Instructions for the task> Go through the listing below and output exactly the line with "#118=VERTEX_POINT('',#117);", the line with "#138=DIRECTION('',(0.,0.,1.));", and each line between; omit the rest.

Data provided>
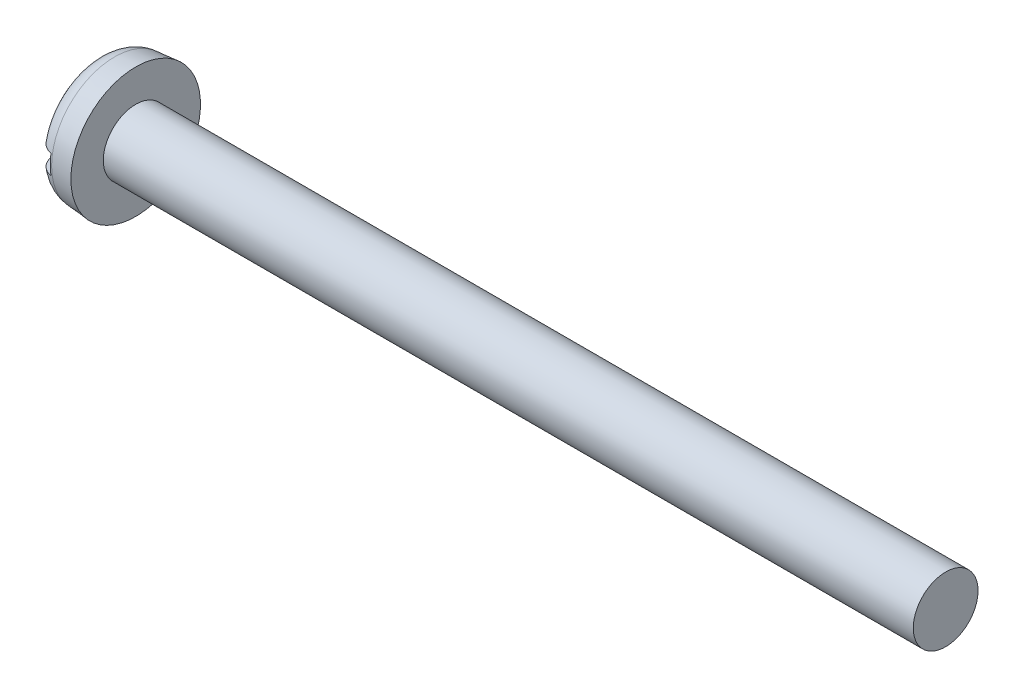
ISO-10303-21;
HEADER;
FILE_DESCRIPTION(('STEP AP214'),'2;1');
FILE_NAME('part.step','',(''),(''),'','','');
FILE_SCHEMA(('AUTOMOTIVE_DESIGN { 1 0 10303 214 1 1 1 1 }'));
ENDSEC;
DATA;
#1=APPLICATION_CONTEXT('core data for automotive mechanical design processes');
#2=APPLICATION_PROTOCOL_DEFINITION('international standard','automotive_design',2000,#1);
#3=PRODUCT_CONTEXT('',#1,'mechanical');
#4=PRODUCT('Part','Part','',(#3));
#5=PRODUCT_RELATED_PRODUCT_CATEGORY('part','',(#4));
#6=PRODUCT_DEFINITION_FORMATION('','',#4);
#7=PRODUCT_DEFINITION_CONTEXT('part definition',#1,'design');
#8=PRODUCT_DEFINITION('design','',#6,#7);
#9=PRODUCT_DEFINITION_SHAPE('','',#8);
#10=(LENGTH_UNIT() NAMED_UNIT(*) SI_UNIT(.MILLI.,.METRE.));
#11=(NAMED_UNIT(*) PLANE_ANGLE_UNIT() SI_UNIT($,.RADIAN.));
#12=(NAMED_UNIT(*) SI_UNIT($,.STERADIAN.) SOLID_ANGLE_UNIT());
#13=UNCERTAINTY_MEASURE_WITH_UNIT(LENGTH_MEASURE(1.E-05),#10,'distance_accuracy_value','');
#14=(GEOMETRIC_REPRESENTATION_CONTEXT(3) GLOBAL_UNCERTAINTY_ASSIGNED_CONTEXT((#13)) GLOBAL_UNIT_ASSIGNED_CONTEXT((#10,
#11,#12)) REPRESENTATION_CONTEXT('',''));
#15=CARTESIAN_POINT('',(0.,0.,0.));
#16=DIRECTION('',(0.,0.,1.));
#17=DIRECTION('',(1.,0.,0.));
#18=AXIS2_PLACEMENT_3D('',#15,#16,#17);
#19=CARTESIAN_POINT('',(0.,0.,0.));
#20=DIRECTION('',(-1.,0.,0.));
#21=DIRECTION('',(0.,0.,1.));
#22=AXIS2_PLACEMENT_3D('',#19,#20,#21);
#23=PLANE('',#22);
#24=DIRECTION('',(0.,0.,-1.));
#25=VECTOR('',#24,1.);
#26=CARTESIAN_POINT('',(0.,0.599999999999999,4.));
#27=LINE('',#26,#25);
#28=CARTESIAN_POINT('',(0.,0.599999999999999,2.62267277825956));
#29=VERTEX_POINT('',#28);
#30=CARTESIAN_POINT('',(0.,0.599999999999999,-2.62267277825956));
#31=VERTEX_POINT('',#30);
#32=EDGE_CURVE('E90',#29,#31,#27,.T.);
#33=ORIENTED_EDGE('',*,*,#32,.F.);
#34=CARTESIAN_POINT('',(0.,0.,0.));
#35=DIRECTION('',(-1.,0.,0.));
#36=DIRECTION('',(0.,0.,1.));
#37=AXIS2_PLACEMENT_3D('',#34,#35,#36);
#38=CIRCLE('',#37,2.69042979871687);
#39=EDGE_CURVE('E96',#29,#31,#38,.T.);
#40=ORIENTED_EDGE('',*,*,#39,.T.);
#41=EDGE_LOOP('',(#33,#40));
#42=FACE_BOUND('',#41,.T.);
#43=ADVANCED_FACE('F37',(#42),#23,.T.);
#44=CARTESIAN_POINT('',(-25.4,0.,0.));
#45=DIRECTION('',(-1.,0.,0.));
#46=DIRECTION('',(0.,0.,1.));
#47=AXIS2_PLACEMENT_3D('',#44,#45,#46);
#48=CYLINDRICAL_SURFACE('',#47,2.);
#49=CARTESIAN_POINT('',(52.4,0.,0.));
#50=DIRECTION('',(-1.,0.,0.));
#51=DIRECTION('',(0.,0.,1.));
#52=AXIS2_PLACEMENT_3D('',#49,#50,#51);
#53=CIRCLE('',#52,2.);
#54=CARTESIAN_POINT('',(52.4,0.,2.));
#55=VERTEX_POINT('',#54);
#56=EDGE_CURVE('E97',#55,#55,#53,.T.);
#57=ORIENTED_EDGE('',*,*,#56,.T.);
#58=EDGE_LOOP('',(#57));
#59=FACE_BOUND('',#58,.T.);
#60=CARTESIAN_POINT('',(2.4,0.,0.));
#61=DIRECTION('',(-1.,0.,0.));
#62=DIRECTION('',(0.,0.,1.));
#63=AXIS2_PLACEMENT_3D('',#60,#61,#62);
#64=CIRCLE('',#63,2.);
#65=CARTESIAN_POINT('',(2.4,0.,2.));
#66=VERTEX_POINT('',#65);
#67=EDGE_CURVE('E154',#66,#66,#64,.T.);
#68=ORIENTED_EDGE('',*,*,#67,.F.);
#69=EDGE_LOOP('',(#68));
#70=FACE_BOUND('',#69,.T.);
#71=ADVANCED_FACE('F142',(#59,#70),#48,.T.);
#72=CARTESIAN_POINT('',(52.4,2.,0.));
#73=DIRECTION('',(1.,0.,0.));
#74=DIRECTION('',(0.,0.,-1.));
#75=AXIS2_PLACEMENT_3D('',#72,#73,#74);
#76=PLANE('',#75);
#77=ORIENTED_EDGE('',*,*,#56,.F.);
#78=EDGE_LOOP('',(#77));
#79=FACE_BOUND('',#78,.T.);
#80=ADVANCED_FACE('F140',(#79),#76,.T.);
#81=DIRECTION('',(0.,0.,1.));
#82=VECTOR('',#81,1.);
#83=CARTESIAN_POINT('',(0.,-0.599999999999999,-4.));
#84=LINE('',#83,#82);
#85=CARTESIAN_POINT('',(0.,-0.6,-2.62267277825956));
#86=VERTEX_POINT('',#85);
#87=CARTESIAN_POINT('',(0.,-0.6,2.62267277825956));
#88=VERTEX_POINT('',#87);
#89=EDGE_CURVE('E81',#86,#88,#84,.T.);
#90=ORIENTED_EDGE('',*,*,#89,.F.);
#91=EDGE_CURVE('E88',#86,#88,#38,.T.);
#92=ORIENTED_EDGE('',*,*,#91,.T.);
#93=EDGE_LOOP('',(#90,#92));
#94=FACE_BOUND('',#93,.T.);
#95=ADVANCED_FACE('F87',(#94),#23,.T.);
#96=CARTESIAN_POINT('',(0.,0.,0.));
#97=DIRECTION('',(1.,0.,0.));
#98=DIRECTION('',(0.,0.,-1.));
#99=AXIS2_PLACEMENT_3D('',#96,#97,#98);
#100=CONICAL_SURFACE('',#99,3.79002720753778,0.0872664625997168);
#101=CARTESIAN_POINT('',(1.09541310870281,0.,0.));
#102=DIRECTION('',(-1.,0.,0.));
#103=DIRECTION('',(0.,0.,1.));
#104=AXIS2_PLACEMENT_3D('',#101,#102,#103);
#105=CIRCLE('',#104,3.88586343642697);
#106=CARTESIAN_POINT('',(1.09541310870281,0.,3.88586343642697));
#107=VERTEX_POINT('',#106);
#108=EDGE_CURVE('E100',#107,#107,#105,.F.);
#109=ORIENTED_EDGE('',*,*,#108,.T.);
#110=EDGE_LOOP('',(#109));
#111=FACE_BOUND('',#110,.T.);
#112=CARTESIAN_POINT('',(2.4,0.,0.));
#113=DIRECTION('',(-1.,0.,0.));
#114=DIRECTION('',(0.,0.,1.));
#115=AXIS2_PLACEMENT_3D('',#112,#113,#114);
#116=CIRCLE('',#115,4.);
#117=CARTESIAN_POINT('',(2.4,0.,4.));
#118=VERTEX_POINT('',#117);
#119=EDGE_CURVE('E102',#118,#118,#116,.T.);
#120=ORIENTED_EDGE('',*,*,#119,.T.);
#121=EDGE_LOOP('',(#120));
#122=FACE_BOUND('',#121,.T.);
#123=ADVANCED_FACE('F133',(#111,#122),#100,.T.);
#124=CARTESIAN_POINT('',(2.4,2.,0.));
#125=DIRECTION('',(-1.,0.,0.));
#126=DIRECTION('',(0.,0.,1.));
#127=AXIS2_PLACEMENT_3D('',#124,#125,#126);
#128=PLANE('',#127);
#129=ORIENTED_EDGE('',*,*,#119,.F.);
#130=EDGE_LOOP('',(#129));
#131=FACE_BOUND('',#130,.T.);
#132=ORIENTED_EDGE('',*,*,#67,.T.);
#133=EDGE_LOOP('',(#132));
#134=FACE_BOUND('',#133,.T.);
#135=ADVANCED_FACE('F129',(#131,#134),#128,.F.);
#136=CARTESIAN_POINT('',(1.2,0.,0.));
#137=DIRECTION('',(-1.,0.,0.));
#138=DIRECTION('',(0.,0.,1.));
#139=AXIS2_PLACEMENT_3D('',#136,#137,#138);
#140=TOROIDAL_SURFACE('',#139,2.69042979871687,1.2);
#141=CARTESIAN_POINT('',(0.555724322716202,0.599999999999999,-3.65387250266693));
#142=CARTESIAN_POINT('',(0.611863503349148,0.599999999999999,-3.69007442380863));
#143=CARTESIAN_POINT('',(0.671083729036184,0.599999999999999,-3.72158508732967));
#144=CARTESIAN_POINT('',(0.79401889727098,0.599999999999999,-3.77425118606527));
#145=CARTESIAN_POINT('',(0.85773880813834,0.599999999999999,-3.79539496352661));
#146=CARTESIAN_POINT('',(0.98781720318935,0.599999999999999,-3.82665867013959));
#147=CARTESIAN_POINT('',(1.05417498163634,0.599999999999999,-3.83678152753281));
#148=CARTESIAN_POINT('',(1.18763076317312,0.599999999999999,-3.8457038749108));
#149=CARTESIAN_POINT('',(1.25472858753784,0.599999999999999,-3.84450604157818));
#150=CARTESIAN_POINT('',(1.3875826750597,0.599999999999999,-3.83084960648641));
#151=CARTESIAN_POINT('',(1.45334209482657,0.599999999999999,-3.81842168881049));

Answer to this exercise>
#118=VERTEX_POINT('',#117);
#119=EDGE_CURVE('E102',#118,#118,#116,.T.);
#120=ORIENTED_EDGE('',*,*,#119,.T.);
#121=EDGE_LOOP('',(#120));
#122=FACE_BOUND('',#121,.T.);
#123=ADVANCED_FACE('F133',(#111,#122),#100,.T.);
#124=CARTESIAN_POINT('',(2.4,2.,0.));
#125=DIRECTION('',(-1.,0.,0.));
#126=DIRECTION('',(0.,0.,1.));
#127=AXIS2_PLACEMENT_3D('',#124,#125,#126);
#128=PLANE('',#127);
#129=ORIENTED_EDGE('',*,*,#119,.F.);
#130=EDGE_LOOP('',(#129));
#131=FACE_BOUND('',#130,.T.);
#132=ORIENTED_EDGE('',*,*,#67,.T.);
#133=EDGE_LOOP('',(#132));
#134=FACE_BOUND('',#133,.T.);
#135=ADVANCED_FACE('F129',(#131,#134),#128,.F.);
#136=CARTESIAN_POINT('',(1.2,0.,0.));
#137=DIRECTION('',(-1.,0.,0.));
#138=DIRECTION('',(0.,0.,1.));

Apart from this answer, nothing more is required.